-- WHAT YOU ARE ASKED TO DO --
All pictures must be left out as you transcribe the lines from the first line of the data to the line containing "each defined once", both included.

-- PROVIDED ENTRIES --

::::::

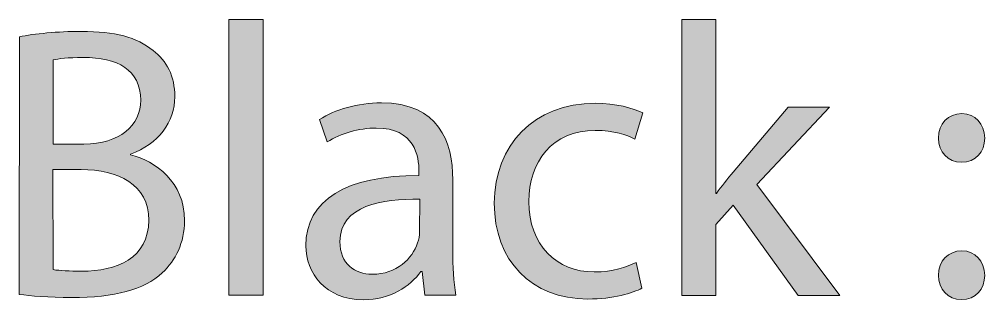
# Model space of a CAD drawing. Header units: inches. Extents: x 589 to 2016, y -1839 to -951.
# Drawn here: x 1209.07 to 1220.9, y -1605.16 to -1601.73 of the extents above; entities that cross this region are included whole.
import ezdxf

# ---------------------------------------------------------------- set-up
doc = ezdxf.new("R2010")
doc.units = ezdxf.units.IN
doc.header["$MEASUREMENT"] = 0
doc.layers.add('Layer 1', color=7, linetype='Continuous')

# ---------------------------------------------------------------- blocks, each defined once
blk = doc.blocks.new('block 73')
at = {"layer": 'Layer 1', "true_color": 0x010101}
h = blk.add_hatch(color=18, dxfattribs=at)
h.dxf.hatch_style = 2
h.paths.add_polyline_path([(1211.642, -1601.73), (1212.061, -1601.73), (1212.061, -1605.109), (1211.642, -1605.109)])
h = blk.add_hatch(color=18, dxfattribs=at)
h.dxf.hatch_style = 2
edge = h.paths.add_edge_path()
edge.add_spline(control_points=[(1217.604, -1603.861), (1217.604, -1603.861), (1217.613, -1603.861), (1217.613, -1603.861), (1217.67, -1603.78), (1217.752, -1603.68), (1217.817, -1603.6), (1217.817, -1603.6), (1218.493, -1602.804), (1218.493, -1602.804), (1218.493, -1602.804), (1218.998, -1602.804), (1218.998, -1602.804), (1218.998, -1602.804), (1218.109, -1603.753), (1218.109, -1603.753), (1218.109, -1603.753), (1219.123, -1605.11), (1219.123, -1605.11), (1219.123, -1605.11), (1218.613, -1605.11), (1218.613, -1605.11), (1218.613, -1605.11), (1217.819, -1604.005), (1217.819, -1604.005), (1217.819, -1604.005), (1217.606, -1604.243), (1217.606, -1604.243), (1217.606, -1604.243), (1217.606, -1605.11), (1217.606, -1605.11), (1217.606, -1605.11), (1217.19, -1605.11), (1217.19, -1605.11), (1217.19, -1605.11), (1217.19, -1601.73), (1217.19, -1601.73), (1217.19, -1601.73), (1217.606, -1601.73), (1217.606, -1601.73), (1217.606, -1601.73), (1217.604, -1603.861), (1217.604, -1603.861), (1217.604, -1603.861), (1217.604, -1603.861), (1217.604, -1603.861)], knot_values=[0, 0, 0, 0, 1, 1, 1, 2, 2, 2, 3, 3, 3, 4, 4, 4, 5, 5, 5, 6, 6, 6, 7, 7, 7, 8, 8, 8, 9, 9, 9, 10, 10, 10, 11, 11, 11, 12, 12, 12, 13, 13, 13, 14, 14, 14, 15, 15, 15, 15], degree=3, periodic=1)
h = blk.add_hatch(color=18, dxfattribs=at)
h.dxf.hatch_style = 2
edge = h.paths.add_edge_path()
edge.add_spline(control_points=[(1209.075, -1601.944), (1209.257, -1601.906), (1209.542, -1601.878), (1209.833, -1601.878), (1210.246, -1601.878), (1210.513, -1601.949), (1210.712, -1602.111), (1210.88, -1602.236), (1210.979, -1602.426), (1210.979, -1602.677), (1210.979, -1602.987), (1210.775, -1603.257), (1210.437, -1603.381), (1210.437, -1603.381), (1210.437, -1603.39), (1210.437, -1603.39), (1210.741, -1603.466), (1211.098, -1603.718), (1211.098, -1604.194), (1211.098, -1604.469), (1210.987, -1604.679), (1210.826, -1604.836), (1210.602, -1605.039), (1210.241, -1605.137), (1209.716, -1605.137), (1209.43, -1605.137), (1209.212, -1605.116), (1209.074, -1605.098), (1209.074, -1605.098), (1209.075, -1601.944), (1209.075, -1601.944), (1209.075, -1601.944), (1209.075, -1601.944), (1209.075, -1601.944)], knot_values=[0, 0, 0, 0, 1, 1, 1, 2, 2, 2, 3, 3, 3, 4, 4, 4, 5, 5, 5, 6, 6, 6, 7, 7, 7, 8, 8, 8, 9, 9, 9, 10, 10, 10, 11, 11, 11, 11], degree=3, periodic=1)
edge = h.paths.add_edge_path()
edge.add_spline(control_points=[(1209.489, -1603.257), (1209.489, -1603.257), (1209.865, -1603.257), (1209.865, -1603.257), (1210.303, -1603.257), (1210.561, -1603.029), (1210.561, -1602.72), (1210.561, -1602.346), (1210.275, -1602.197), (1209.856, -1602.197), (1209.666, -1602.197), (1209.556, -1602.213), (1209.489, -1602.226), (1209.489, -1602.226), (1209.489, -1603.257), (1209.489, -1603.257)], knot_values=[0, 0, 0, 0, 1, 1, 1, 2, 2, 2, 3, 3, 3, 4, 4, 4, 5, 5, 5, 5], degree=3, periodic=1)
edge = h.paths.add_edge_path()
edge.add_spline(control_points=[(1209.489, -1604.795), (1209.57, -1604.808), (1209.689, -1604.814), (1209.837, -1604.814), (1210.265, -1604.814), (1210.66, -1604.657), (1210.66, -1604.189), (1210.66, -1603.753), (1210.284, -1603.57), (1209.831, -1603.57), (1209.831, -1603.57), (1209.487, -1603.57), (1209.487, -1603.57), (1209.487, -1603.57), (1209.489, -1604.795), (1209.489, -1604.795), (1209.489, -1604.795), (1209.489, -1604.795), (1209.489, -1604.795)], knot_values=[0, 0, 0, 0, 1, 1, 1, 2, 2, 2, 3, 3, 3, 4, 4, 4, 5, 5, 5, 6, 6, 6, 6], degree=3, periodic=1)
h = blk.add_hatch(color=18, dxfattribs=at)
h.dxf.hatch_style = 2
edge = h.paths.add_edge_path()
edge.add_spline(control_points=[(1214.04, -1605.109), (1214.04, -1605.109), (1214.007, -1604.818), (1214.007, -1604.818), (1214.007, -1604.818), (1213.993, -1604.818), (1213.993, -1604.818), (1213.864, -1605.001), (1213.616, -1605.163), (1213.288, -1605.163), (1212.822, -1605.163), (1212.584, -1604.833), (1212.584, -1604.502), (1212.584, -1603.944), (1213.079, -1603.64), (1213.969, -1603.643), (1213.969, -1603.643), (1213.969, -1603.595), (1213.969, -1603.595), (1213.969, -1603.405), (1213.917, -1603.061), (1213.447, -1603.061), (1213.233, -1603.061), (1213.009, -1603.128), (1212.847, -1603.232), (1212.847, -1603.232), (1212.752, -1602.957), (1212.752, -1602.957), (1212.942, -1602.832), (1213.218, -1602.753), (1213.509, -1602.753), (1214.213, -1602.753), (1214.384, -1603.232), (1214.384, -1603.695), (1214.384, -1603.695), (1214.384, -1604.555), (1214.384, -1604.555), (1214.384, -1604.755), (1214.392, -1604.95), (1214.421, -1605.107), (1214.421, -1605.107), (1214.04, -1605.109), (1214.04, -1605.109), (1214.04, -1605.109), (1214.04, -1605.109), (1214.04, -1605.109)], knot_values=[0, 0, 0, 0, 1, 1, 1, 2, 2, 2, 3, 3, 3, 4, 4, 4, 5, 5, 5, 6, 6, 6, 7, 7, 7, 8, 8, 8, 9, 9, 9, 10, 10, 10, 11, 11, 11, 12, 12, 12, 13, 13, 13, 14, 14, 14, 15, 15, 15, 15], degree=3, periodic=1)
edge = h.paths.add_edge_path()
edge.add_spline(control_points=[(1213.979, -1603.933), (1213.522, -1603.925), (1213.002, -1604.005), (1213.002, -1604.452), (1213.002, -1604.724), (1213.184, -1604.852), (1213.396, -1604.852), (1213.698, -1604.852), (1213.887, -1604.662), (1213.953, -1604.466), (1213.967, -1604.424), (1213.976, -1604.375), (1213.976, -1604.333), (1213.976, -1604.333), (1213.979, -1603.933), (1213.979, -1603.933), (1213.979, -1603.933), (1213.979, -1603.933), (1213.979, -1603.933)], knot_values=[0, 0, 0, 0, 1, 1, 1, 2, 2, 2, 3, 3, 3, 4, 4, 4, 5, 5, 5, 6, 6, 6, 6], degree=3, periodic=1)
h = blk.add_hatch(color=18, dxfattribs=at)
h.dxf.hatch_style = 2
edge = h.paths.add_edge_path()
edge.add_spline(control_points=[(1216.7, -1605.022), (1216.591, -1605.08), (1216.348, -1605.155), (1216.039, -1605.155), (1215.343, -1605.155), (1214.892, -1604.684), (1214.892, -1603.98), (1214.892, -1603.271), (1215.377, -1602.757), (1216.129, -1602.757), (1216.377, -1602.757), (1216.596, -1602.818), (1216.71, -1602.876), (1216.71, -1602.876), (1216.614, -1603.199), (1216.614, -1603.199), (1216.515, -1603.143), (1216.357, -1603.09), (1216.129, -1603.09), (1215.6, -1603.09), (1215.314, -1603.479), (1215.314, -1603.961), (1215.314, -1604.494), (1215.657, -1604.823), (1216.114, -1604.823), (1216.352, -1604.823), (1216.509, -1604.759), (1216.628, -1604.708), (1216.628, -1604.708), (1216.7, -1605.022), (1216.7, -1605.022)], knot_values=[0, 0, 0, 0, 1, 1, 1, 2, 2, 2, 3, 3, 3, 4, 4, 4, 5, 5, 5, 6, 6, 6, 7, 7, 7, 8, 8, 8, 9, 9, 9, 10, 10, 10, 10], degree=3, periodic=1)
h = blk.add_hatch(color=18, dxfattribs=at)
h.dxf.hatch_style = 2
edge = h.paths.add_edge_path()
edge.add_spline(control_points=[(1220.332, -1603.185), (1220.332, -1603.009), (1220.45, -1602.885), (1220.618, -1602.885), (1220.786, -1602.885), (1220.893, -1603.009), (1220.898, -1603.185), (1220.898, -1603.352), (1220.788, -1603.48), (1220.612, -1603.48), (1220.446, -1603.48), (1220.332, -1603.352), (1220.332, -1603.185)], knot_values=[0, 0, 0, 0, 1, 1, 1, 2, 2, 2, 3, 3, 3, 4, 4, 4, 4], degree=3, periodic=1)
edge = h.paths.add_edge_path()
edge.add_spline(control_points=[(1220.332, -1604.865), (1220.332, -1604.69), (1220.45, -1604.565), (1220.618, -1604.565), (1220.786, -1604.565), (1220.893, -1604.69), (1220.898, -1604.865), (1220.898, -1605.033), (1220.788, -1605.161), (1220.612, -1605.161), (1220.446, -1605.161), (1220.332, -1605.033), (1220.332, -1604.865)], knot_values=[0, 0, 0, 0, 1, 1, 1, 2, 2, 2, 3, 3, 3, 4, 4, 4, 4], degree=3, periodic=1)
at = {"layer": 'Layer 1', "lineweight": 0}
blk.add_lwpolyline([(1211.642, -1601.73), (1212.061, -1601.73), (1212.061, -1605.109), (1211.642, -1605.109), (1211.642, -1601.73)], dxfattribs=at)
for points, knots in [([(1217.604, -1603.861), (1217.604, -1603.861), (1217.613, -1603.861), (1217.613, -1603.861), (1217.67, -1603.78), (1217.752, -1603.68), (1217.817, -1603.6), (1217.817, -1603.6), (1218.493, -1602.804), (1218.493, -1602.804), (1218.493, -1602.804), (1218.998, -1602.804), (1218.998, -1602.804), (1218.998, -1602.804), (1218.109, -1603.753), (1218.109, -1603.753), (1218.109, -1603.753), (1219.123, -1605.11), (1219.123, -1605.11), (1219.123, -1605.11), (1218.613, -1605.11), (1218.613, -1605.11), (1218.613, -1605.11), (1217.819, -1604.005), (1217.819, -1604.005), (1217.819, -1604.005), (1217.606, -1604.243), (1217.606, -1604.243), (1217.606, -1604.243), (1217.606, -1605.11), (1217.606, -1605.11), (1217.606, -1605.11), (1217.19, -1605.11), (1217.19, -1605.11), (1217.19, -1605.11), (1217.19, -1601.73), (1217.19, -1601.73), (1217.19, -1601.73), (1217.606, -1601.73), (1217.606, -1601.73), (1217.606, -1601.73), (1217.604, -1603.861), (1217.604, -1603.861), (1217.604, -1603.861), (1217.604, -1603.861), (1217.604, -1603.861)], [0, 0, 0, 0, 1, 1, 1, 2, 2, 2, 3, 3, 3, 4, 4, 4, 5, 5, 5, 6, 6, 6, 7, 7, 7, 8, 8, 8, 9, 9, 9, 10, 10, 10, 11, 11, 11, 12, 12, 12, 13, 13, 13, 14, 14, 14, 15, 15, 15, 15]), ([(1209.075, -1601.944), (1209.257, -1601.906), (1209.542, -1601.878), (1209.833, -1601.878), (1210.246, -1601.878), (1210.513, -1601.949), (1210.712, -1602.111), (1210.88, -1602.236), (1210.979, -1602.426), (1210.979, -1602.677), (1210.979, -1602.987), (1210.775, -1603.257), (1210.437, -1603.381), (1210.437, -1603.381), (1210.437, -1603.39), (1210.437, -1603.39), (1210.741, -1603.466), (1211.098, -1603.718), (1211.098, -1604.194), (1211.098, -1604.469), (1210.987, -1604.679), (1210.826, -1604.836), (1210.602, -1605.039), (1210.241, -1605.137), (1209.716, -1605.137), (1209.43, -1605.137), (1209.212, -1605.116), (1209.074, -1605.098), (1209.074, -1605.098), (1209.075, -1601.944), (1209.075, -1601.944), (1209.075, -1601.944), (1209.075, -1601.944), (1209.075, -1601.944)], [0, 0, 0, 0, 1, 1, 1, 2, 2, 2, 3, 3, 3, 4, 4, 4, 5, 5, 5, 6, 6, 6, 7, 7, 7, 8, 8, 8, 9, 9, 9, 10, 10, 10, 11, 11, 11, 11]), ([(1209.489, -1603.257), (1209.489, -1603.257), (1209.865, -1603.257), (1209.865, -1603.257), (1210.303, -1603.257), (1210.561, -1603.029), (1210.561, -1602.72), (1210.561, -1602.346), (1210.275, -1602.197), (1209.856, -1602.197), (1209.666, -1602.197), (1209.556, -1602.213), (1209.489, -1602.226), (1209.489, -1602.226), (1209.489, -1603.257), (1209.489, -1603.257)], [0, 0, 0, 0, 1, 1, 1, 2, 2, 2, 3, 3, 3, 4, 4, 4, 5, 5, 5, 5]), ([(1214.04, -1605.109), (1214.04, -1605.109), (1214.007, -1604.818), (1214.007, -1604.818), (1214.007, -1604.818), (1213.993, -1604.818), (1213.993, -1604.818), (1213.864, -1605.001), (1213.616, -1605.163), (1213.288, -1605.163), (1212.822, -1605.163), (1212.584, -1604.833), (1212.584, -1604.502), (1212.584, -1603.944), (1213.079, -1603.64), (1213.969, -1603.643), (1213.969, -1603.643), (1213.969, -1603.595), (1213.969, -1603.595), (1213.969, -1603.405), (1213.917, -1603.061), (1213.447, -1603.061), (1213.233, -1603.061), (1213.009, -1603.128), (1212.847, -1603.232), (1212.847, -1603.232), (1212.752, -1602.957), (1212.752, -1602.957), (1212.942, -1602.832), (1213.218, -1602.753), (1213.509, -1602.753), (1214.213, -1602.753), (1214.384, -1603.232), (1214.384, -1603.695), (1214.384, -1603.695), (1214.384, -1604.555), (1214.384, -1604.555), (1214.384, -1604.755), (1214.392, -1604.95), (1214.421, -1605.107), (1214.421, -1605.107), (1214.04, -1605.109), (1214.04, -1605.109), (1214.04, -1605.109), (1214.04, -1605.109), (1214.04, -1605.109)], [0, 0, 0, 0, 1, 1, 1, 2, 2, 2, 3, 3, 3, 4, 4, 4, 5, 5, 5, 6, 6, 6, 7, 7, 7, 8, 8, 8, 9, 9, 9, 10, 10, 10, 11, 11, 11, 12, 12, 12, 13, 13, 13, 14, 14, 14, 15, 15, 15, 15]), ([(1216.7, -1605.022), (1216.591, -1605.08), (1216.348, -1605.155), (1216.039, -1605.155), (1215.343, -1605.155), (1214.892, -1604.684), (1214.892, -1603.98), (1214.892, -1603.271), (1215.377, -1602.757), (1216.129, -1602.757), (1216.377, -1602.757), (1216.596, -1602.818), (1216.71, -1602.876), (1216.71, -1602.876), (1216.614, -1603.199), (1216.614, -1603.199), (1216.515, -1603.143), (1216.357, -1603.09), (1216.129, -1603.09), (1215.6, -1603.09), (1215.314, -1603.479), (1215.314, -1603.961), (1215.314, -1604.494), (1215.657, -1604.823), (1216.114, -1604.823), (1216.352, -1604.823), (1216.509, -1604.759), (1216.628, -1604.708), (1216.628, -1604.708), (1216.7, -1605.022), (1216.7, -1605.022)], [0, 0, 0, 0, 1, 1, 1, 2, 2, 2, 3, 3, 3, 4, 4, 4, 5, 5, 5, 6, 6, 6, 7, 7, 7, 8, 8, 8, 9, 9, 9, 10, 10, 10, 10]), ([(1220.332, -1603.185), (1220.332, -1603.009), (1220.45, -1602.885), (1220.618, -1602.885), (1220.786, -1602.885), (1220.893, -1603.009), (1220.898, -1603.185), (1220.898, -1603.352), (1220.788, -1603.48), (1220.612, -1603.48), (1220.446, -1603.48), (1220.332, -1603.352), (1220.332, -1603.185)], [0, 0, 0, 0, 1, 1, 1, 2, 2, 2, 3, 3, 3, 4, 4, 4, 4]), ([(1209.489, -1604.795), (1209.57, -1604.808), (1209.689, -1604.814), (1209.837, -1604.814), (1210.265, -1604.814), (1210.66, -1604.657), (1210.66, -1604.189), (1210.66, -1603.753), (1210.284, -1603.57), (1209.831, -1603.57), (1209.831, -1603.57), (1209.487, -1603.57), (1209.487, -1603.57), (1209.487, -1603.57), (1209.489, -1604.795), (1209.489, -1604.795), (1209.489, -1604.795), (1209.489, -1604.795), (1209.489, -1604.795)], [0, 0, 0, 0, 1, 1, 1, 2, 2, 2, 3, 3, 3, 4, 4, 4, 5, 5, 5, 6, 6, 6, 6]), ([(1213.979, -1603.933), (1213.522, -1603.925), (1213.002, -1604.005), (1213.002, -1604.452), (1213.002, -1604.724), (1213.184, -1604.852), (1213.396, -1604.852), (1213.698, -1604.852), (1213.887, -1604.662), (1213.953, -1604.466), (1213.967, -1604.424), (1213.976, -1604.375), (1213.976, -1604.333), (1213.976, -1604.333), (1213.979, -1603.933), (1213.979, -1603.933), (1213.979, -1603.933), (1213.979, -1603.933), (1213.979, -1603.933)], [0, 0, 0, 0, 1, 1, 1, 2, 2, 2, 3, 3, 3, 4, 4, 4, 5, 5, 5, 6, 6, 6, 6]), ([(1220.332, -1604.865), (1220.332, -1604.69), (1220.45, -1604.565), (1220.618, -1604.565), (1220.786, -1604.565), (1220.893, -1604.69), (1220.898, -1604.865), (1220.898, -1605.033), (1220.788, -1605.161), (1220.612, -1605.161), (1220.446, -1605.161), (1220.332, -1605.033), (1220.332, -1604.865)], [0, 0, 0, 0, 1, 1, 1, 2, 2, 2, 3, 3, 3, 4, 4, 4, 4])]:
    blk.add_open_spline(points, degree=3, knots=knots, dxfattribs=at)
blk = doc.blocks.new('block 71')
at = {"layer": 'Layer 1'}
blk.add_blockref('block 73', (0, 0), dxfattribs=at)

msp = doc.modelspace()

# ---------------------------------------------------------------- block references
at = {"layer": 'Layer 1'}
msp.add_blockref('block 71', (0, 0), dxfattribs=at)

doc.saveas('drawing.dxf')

::::::

-- REPLY TO THE TASK --
# Model space of a CAD drawing. Header units: inches. Extents: x 589 to 2016, y -1839 to -951.
# Drawn here: x 1209.07 to 1220.9, y -1605.16 to -1601.73 of the extents above; entities that cross this region are included whole.
import ezdxf

# ---------------------------------------------------------------- set-up
doc = ezdxf.new("R2010")
doc.units = ezdxf.units.IN
doc.header["$MEASUREMENT"] = 0
doc.layers.add('Layer 1', color=7, linetype='Continuous')

# ---------------------------------------------------------------- blocks, each defined once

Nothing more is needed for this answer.